### INPUT FOR THIS TASK:
* * * * * * * * *

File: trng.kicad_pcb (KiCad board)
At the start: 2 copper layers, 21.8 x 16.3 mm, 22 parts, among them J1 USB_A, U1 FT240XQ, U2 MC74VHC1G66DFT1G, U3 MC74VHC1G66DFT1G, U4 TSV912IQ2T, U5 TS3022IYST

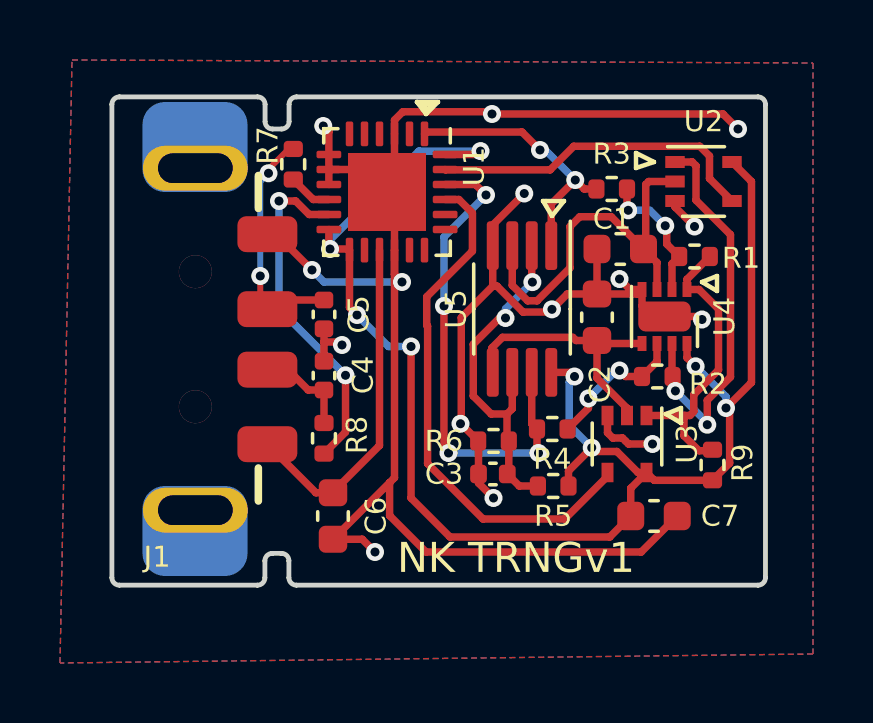
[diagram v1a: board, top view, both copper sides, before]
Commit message: Add test header and recreate production data
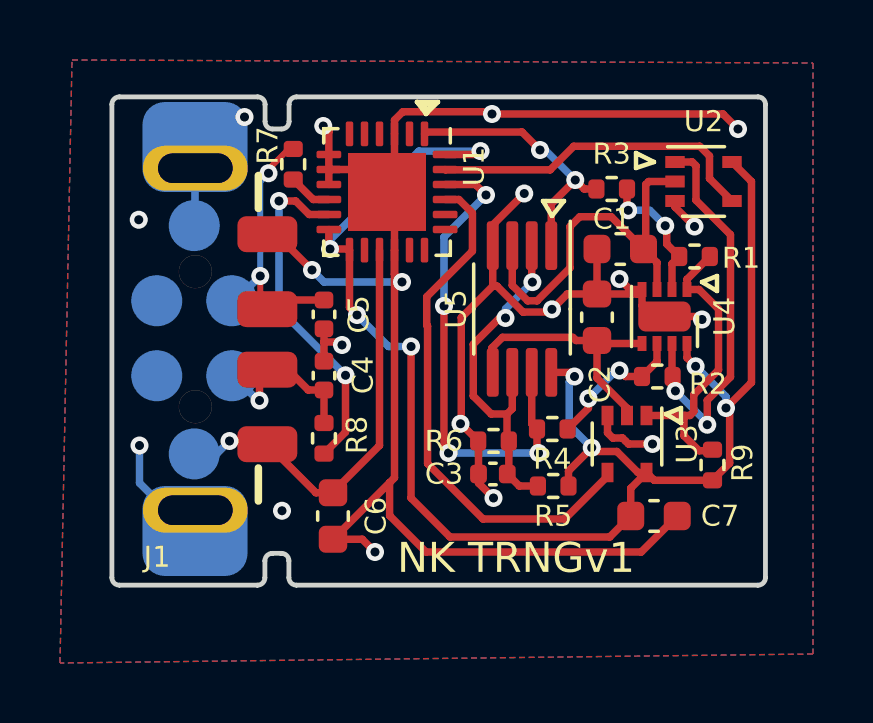
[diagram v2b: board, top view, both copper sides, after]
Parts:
- added J2: Conn_01x06, cl6:nitro_programming_header, B.Cu at (136.1, 77.7)
- J1: value USB_A -> 0480372200
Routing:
- net GND: track 78.0 -> 83.4 mm, vias 15 -> 19
- net /VBUS: track 11.6 -> 14.2 mm, vias 0 -> 1
- net /D-: track 3.27 -> 5.66 mm, vias 0 -> 1
- net /D+: track 7.95 -> 9.21 mm
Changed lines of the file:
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@@
   (net 26 "/VBUS")
   (net 27 "unconnected-(U1-Pad14)")
+  (net 28 "unconnected-(J2-Pad5)")
+  (net 29 "unconnected-(J2-Pad6)")
   (footprint "Capacitor_SMD:C_0603_1608Metric" (layer "F.Cu")
     (at 151.4 83.6)
@@
       (effects (font (size 0.7 0.7) (thickness 0.25)))
     )
-    (fp_text value "USB_A" (at 1 -9) (layer "B.SilkS") hide
+    (fp_text value "0480372200" (at 1 -9) (layer "B.SilkS") hide
       (effects (font (size 1.524 1.524) (thickness 0.3048)) (justify mirror))
     )
@@
       (rotate (xyz 0 0 0))
     )
+  )
+  (footprint "cl6:nitro_programming_header" (layer "B.Cu")
+    (at 136.075 77.675 180)
+    (property "Sheetfile" "trng.kicad_sch")
+    (property "Sheetname" "")
+    (attr smd)
+    (fp_text reference "J2" (at 3.6 -1.22) (layer "B.SilkS") hide
+      (effects (font (size 1 1) (thickness 0.15)) (justify mirror))
+    )
+    (fp_text value "Conn_01x06" (at 5.3742 -0.355 90) (layer "B.Fab") hide
+      (effects (font (size 1 1) (thickness 0.15)) (justify mirror))
+    )
+    (pad "1" smd circle (at 0 3.755 180) (size 1.7 1.7) (layers "B.Cu" "B.Mask")
+      (net 2 "GND") (pinfunction "Pin_1") (pintype "passive"))
+    (pad "2" smd circle (at -1.25 1.25 180) (size 1.7 1.7) (layers "B.Cu" "B.Mask")
+      (net 23 "/D+") (pinfunction "Pin_2") (pintype "passive"))
+    (pad "3" smd circle (at -1.25 -1.25 180) (size 1.7 1.7) (layers "B.Cu" "B.Mask")
+      (net 22 "/D-") (pinfunction "Pin_3") (pintype "passive"))
+    (pad "4" smd circle (at 0 -3.855 180) (size 1.7 1.7) (layers "B.Cu" "B.Mask")
+      (net 26 "/VBUS") (pinfunction "Pin_4") (pintype "passive"))
+    (pad "5" smd circle (at 1.25 1.25 180) (size 1.7 1.7) (layers "B.Cu" "B.Mask")
+      (net 28 "unconnected-(J2-Pad5)") (pinfunction "Pin_5") (pintype "passive+no_connect"))
+    (pad "6" smd circle (at 1.25 -1.25 180) (size 1.7 1.7) (layers "B.Cu" "B.Mask")
+      (net 29 "unconnected-(J2-Pad6)") (pinfunction "Pin_6") (pintype "passive+no_connect"))
   )
   (gr_line (start 143.5 69.8) (end 144 69.9) (layer "F.SilkS") (width 0.15))
@@
   (segment (start 150.975 84.8) (end 143.8 84.8) (width 0.25) (layer "F.Cu") (net 2))
   (via (at 147.075 72.85) (size 0.6) (drill 0.3) (layers "F.Cu" "B.Cu") (net 2))
+  (via (at 139 83.425) (size 0.6) (drill 0.3) (layers "F.Cu" "B.Cu") (free) (net 2))
   (via (at 152.75 73.95) (size 0.6) (drill 0.3) (layers "F.Cu" "B.Cu") (net 2))
   (via (at 143 75.8) (size 0.6) (drill 0.3) (layers "F.Cu" "B.Cu") (net 2))
@@
   (via (at 146 70.2) (size 0.6) (drill 0.3) (layers "F.Cu" "B.Cu") (net 2))
   (via (at 140 75.4) (size 0.6) (drill 0.3) (layers "F.Cu" "B.Cu") (net 2))
+  (via (at 134.25 81.25) (size 0.6) (drill 0.3) (layers "F.Cu" "B.Cu") (free) (net 2))
+  (via (at 134.225 73.725) (size 0.6) (drill 0.3) (layers "F.Cu" "B.Cu") (free) (net 2))
   (via (at 140.375 70.6) (size 0.6) (drill 0.3) (layers "F.Cu" "B.Cu") (net 2))
   (via (at 142.1 84.8) (size 0.6) (drill 0.3) (layers "F.Cu" "B.Cu") (net 2))
+  (via (at 137.75 70.3) (size 0.6) (drill 0.3) (layers "F.Cu" "B.Cu") (net 2))
   (via (at 141 77.9) (size 0.6) (drill 0.3) (layers "F.Cu" "B.Cu") (net 2))
   (via (at 150.25 75.7) (size 0.6) (drill 0.3) (layers "F.Cu" "B.Cu") (net 2))
@@
   (via (at 147.998703 76.711177) (size 0.6) (drill 0.3) (layers "F.Cu" "B.Cu") (net 2))
   (via (at 146.05 83) (size 0.6) (drill 0.3) (layers "F.Cu" "B.Cu") (net 2))
+  (segment (start 136.1 72.01846) (end 136.11182 72.00664) (width 0.25) (layer "B.Cu") (net 2))
+  (segment (start 136.1 73.895) (end 136.1 72.01846) (width 0.25) (layer "B.Cu") (net 2))
   (segment (start 140.4 75.8) (end 143 75.8) (width 0.25) (layer "B.Cu") (net 2))
+  (segment (start 134.25 81.25) (end 134.25 82.5) (width 0.25) (layer "B.Cu") (net 2))
+  (segment (start 134.25 82.5) (end 135.15616 83.40616) (width 0.25) (layer "B.Cu") (net 2))
   (segment (start 140 75.4) (end 140.4 75.8) (width 0.25) (layer "B.Cu") (net 2))
+  (segment (start 135.15616 83.40616) (end 136.11182 83.40616) (width 0.25) (layer "B.Cu") (net 2))
   (segment (start 149.5 79.004941) (end 149.5 77.75) (width 0.25) (layer "F.Cu") (net 3))
   (segment (start 150.5 80.004941) (end 149.5 79.004941) (width 0.25) (layer "F.Cu") (net 3))
@@
   (segment (start 148.724511 71.275489) (end 152.925489 71.275489) (width 0.25) (layer "F.Cu") (net 21))
   (segment (start 152.925489 71.275489) (end 153.25 71.6) (width 0.25) (layer "F.Cu") (net 21))
+  (segment (start 138.25 78.9848) (end 138.25 79.75) (width 0.25) (layer "F.Cu") (net 22))
   (segment (start 139.875 79.4) (end 139.1974 78.7224) (width 0.25) (layer "F.Cu") (net 22))
+  (segment (start 138.5124 78.7224) (end 138.25 78.9848) (width 0.25) (layer "F.Cu") (net 22))
   (segment (start 139.1974 78.7224) (end 138.5124 78.7224) (width 0.25) (layer "F.Cu") (net 22))
   (segment (start 140.4 80.5) (end 140.4 79.4) (width 0.25) (layer "F.Cu") (net 22))
   (segment (start 140.4 79.4) (end 139.875 79.4) (width 0.25) (layer "F.Cu") (net 22))
+  (via (at 138.25 79.75) (size 0.6) (drill 0.3) (layers "F.Cu" "B.Cu") (net 22))
+  (segment (start 137.35 78.9) (end 138.2 79.75) (width 0.25) (layer "B.Cu") (net 22))
+  (segment (start 138.2 79.75) (end 138.25 79.75) (width 0.25) (layer "B.Cu") (net 22))
   (segment (start 138.2755 76.46874) (end 138.2755 75.6) (width 0.2) (layer "F.Cu") (net 23))
   (segment (start 138.81804 76.4) (end 138.5124 76.70564) (width 0.25) (layer "F.Cu") (net 23))
@@
   (via (at 138.55 72.175) (size 0.6) (drill 0.3) (layers "F.Cu" "B.Cu") (net 23))
   (via (at 138.2755 75.6) (size 0.6) (drill 0.3) (layers "F.Cu" "B.Cu") (net 23))
+  (segment (start 137.35 76.4) (end 137.4755 76.4) (width 0.25) (layer "B.Cu") (net 23))
   (segment (start 138.2755 75.6) (end 138.2755 72.4495) (width 0.2) (layer "B.Cu") (net 23))
   (segment (start 138.2755 72.4495) (end 138.55 72.175) (width 0.2) (layer "B.Cu") (net 23))
+  (segment (start 137.4755 76.4) (end 138.2755 75.6) (width 0.25) (layer "B.Cu") (net 23))
   (segment (start 140.5625 73.05) (end 140.04 73.05) (width 0.25) (layer "F.Cu") (net 24))
   (segment (start 140.04 73.05) (end 139.3 72.31) (width 0.25) (layer "F.Cu") (net 24))
@@
   (segment (start 142.25 81.25) (end 142.25 74.7375) (width 0.25) (layer "F.Cu") (net 26))
   (segment (start 140.13088 82.825) (end 138.5124 81.20652) (width 0.25) (layer "F.Cu") (net 26))
+  (segment (start 137.25 81.1) (end 138.40588 81.1) (width 0.25) (layer "F.Cu") (net 26))
   (segment (start 140.7 82.8) (end 142.25 81.25) (width 0.25) (layer "F.Cu") (net 26))
   (segment (start 140.7 82.825) (end 140.7 82.8) (width 0.25) (layer "F.Cu") (net 26))
+  (segment (start 138.40588 81.1) (end 138.5124 81.20652) (width 0.25) (layer "F.Cu") (net 26))
+  (via (at 137.25 81.1) (size 0.6) (drill 0.3) (layers "F.Cu" "B.Cu") (net 26))
+  (segment (start 136.845 81.505) (end 137.25 81.1) (width 0.25) (layer "B.Cu") (net 26))
+  (segment (start 136.1 81.505) (end 136.845 81.505) (width 0.25) (layer "B.Cu") (net 26))
   (zone (net 2) (net_name "GND") (layers F&B.Cu) (hatch edge 0.508)
     (connect_pads (clearance 0.308))

* * * * * * * * *

### EXERCISE DIRECTIONS:
The required answer is the exact run of lines above starting at the line with "(start 137.35 78.9)" and ending at the line with "(start 137.35 76.4)", with both ends present.

### RESULT OF THE EXERCISE:
+  (segment (start 137.35 78.9) (end 138.2 79.75) (width 0.25) (layer "B.Cu") (net 22))
+  (segment (start 138.2 79.75) (end 138.25 79.75) (width 0.25) (layer "B.Cu") (net 22))
   (segment (start 138.2755 76.46874) (end 138.2755 75.6) (width 0.2) (layer "F.Cu") (net 23))
   (segment (start 138.81804 76.4) (end 138.5124 76.70564) (width 0.25) (layer "F.Cu") (net 23))
@@
   (via (at 138.55 72.175) (size 0.6) (drill 0.3) (layers "F.Cu" "B.Cu") (net 23))
   (via (at 138.2755 75.6) (size 0.6) (drill 0.3) (layers "F.Cu" "B.Cu") (net 23))
+  (segment (start 137.35 76.4) (end 137.4755 76.4) (width 0.25) (layer "B.Cu") (net 23))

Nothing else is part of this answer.